Investment Outlook

Tuesday Never Comes

​Credit is the foundation of the wealth creation process, but it can also be the cause of financial instability and potential wealth destruction.

T

he global economy is floating on an ocean of credit, and a good thing too as our cartoon friend Wimpy reminds us. Without it, he would be a hungry puppy by next Tuesday and nearly seven billion world citizens would be worse off if barter, and not credit, was the oil that lubricated trade. Unlike Wimpy, early societies functioned without an exchange of (money) or the promise to pay it back in the future (credit). Growth was limited, however, because savings or investment could not be incented properly. Those that wanted to save for a rainy day had no means to express that caution; better to consume a banana or a hamburger today than to watch it rot and become worthless on Tuesday. But money changed all of that and the ability to borrow and exchange it for repayment at some future date was the economic elixir of the ages. Shakespeare, with his admonition to “neither a borrower nor a lender be,” might have won a 17th century Pulitzer, but definitely not a Nobel Prize for economics.

Still, the use of credit never really kicked into high gear until the discovery of fractional reserve banking and the ultimate formation of central banks to facilitate and protect its disbursement. Picture a Wild, Wild West Bank in Yuma, Arizona back in 1901. It had a big safe where miners left their gold nuggets for safe keeping, but in order to become more than a depository, the bank needed to issue notes and letters of credit in an amount greater than the gold in its vault. Theoretically there was some of the owner’s gold dust in there too, but who was counting as long as gold came in and gold went out and Yuma’s citizens thought that the bank’s notes were backed by tangible evidence of wealth. Fractional reserve banking was aborning in the 20th century, sharpshooters and all.
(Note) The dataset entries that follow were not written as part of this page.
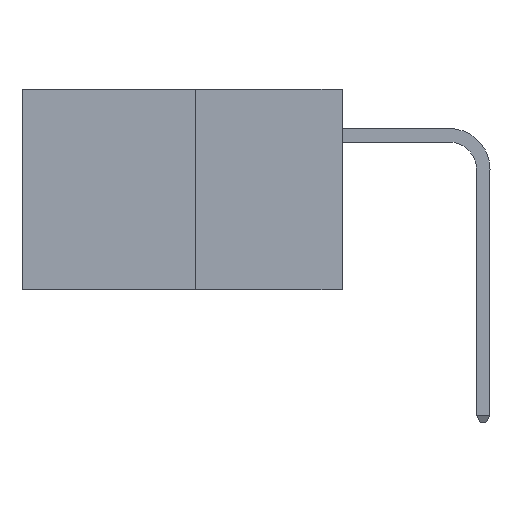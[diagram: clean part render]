
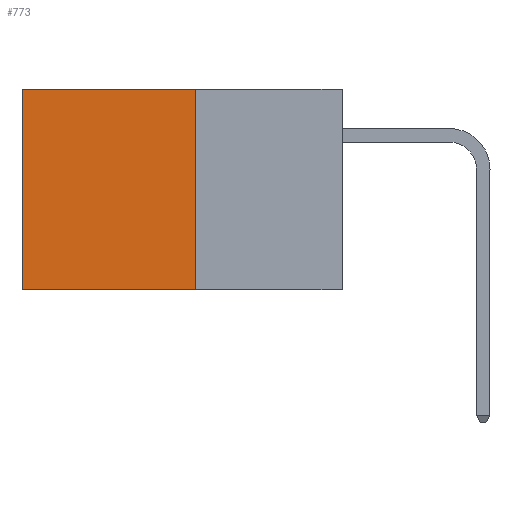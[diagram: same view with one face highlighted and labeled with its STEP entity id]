
A CAD part, left-side view. The second image highlights one B-rep face of the part: STEP entity #773.
In plain terms, the highlighted planar face has unit normal (-1, 0, 0).
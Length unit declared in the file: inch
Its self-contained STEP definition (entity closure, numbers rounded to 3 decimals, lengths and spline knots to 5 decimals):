
#773 = ADVANCED_FACE ( 'NONE', ( #10181 ), #16213, .F. ) ;
#1244 = AXIS2_PLACEMENT_3D ( 'NONE', #16382, #16051, #16322 ) ;
#1329 = CARTESIAN_POINT ( 'NONE',  ( 0.277, 0.59, -0.37 ) ) ;
#1726 = VECTOR ( 'NONE', #7763, 39.37008 ) ;
#2244 = CARTESIAN_POINT ( 'NONE',  ( 0.277, 0.59, 0. ) ) ;
#3135 = VERTEX_POINT ( 'NONE', #23337 ) ;
#3391 = VERTEX_POINT ( 'NONE', #2244 ) ;
#4189 = VECTOR ( 'NONE', #25045, 39.37008 ) ;
#4758 = DIRECTION ( 'NONE',  ( 0., 1., 0. ) ) ;
#5092 = CARTESIAN_POINT ( 'NONE',  ( 0.277, 0.27, -0.37 ) ) ;
#5144 = CARTESIAN_POINT ( 'NONE',  ( 0.277, 0.59, -0.37 ) ) ;
#5745 = VECTOR ( 'NONE', #4758, 39.37008 ) ;
#7763 = DIRECTION ( 'NONE',  ( 0., 1., 0. ) ) ;
#9180 = CARTESIAN_POINT ( 'NONE',  ( 0.277, 0.27, -0.37 ) ) ;
#9230 = VERTEX_POINT ( 'NONE', #1329 ) ;
#9813 = EDGE_LOOP ( 'NONE', ( #20189, #23092, #24435, #11913 ) ) ;
#10181 = FACE_OUTER_BOUND ( 'NONE', #9813, .T. ) ;
#11331 = CARTESIAN_POINT ( 'NONE',  ( 0.277, 0.27, -0.37 ) ) ;
#11913 = ORIENTED_EDGE ( 'NONE', *, *, #19714, .T. ) ;
#12762 = LINE ( 'NONE', #18824, #1726 ) ;
#13648 = EDGE_CURVE ( 'NONE', #13995, #9230, #28603, .T. ) ;
#13995 = VERTEX_POINT ( 'NONE', #11331 ) ;
#16051 = DIRECTION ( 'NONE',  ( 1., 0., 0. ) ) ;
#16128 = DIRECTION ( 'NONE',  ( 0., 0., -1. ) ) ;
#16213 = PLANE ( 'NONE',  #1244 ) ;
#16322 = DIRECTION ( 'NONE',  ( 0., 0., -1. ) ) ;
#16382 = CARTESIAN_POINT ( 'NONE',  ( 0.277, 0.27, -0.37 ) ) ;
#16864 = LINE ( 'NONE', #5092, #22016 ) ;
#18289 = EDGE_CURVE ( 'NONE', #3391, #9230, #27742, .T. ) ;
#18824 = CARTESIAN_POINT ( 'NONE',  ( 0.277, 0.27, 0. ) ) ;
#19714 = EDGE_CURVE ( 'NONE', #3135, #3391, #12762, .T. ) ;
#20189 = ORIENTED_EDGE ( 'NONE', *, *, #18289, .T. ) ;
#22016 = VECTOR ( 'NONE', #16128, 39.37008 ) ;
#23092 = ORIENTED_EDGE ( 'NONE', *, *, #13648, .F. ) ;
#23337 = CARTESIAN_POINT ( 'NONE',  ( 0.277, 0.27, 0. ) ) ;
#23620 = EDGE_CURVE ( 'NONE', #3135, #13995, #16864, .T. ) ;
#24435 = ORIENTED_EDGE ( 'NONE', *, *, #23620, .F. ) ;
#25045 = DIRECTION ( 'NONE',  ( 0., 0., -1. ) ) ;
#27742 = LINE ( 'NONE', #5144, #4189 ) ;
#28603 = LINE ( 'NONE', #9180, #5745 ) ;

Problem was that many of those local banks with their individual currencies and drafts went out of business, leading to panics and mild depressions throughout the growing states, and so in 1913 the dollar became our single currency, and the Federal Reserve our official central bank. The Fed, with a certain amount of gold certificates, would then extend credit to its member banks, which would then extend credit to businesses, which would magically promote savings, investment and economic growth. No leftover hamburgers on Tuesday for Wimpy – his tummy was grumbling and by god, or by Fed, he was gonna get it NOW.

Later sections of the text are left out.